Outra problema apontado por Jatene é desigualdade na distribuição de leitos hospitalares na cidade. De acordo com levantamento feito pelo ex-ministro, o número de leitos na cidade aumentou entre 1999 e 2007, mas nos 25 distritos mais bem servidos de hospitais há 10,57 leitos por mil habitantes, enquanto nas 71 distritos restantes há 0,49 leitos por mil habitantes. É preciso criar um mecanismo para condicionar a ampliação dos hospitais privados somente se também implantarem leitos em áreas onde a cobertura não existe. O ex-ministro afirmou que apresentou essa proposta ao secretário Montone.
Quando questionado se reconhecia a legalidade do Conselho Municipal de Saúde, o secretário afirmou que reconhece, mas que é necessário discutir o papel do conselho e que há uma “divergência de agenda política”. O atual conselho com 32 integrantes foi eleito no final do ano passado. Acabou impedido de assumir por meio de decreto da Secretaria de Municipal Saúde, que determinou a realização de novo processo eleitoral. A secretaria alegou ter recebido vários recursos administrativos de entidades da sociedade civil que questionavam a transparência na escolha dos representantes dos usuários. A população está representada por metade dos conselheiros, em número de 16, a outra metade é dividida entre gestores, trabalhadores e prestadores de serviços de saúde.
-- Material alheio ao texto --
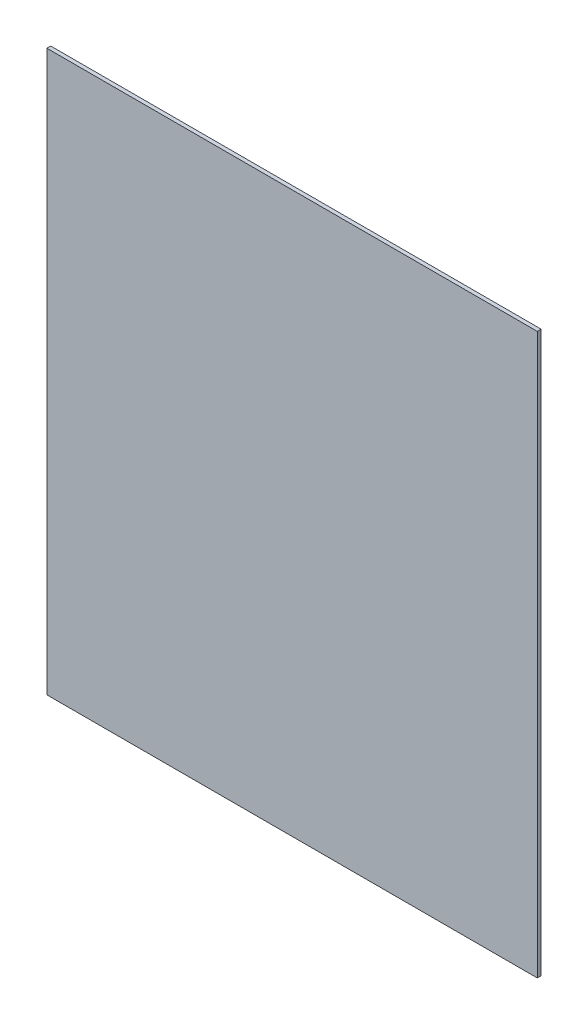
from build123d import *

# Parameters (mm, degrees)
ESQUISSE1_W        = 832
ESQUISSE1_H        = 950
BOSS_EXTRU_1_DEPTH = 6.5


with BuildPart() as part:
    # Esquisse1 → Boss.-Extru.1 (new body)
    with BuildSketch(Plane.XY):
        Rectangle(ESQUISSE1_W, ESQUISSE1_H)
    extrude(amount=BOSS_EXTRU_1_DEPTH)


solid = part.part
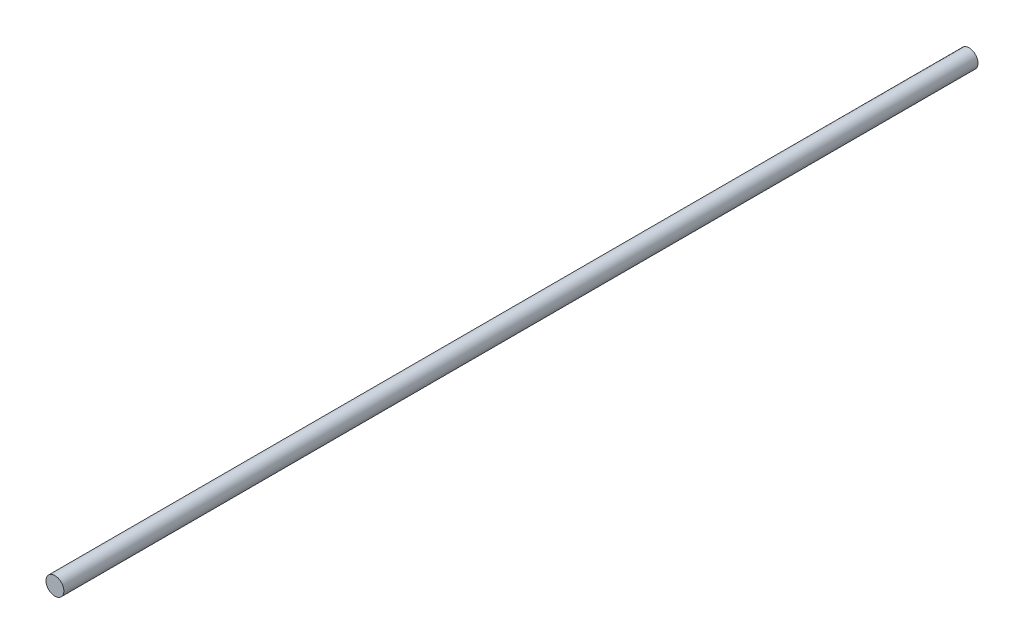
from build123d import *

# Parameters (mm, degrees)
SKETCH1_R           = 9.779
BOSS_EXTRUDE1_DEPTH = 1000


with BuildPart() as part:
    # Sketch1 → Boss-Extrude1 (new body)
    with BuildSketch(Plane.XY):
        Circle(SKETCH1_R)
    extrude(amount=BOSS_EXTRUDE1_DEPTH)


solid = part.part
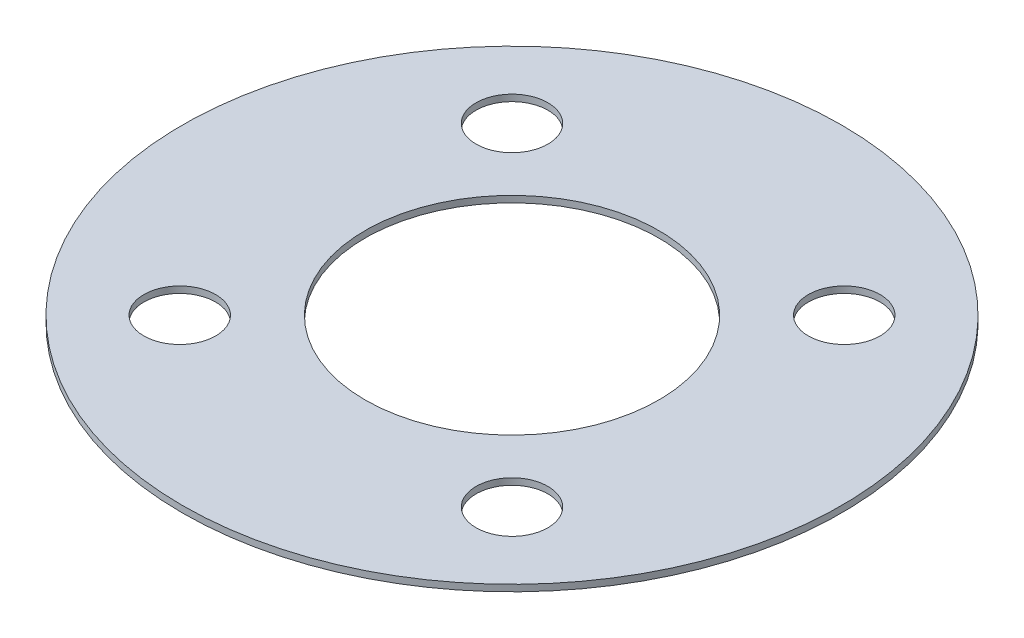
from build123d import *

# Parameters (mm, degrees)
SKETCH_1_R          = 25.25
EXTRUDE_1_DEPTH     = 0.5
SKETCH_2_R          = 11.25
CUT_EXTRUDE_1_DEPTH = 36.712392807
HOLE_WIZARD_M5_1_D  = 5.5


with BuildPart() as part:
    # ｽｹｯﾁ1 → ﾎﾞｽ - 押し出し1 (new body)
    with BuildSketch(Plane(origin=(0, 0, 0), x_dir=(1, 0, 0), z_dir=(0, 1, 0))):
        with Locations(Location((0, 0, 0), (0, 0, 270))):
            Circle(SKETCH_1_R)
    extrude(amount=EXTRUDE_1_DEPTH)

    # ｽｹｯﾁ2 → ｶｯﾄ - 押し出し1 (cut, through all)
    with BuildSketch(Plane(origin=(0, 0.5, 0), x_dir=(1, 0, 0), z_dir=(0, 1, 0))):
        with Locations(Location((0, 0, 0), (0, 0, 270))):
            Circle(SKETCH_2_R)
    extrude(amount=-CUT_EXTRUDE_1_DEPTH, mode=Mode.SUBTRACT)

    # M5 すきま穴1 (through all)
    with Locations(Plane(origin=(0, 0.5, 0), x_dir=(1, 0, 0), z_dir=(0, 1, 0))):
        with Locations((-12.727922061, 12.727922061), (12.727922061, -12.727922061), (-12.727922061, -12.727922061), (12.727922061, 12.727922061)):
            Hole(HOLE_WIZARD_M5_1_D / 2)


solid = part.part

Em março, o Tribunal de Justiça do Estado expediu uma liminar que reconheceu a legitimidade do conselho.
De acordo com o conselheiro Pedro Cláudio Bortz, que representa os trabalhadores de saúde, o secretário não tem demonstrado vontade de dialogar com os conselheiros. “Se há uma proposta de Plano Municipal de Saúde está guardada na gaveta. O problema é que sem ter acesso a isso, o conselho não consegue planejar as políticas de saúde no município”, afirmou.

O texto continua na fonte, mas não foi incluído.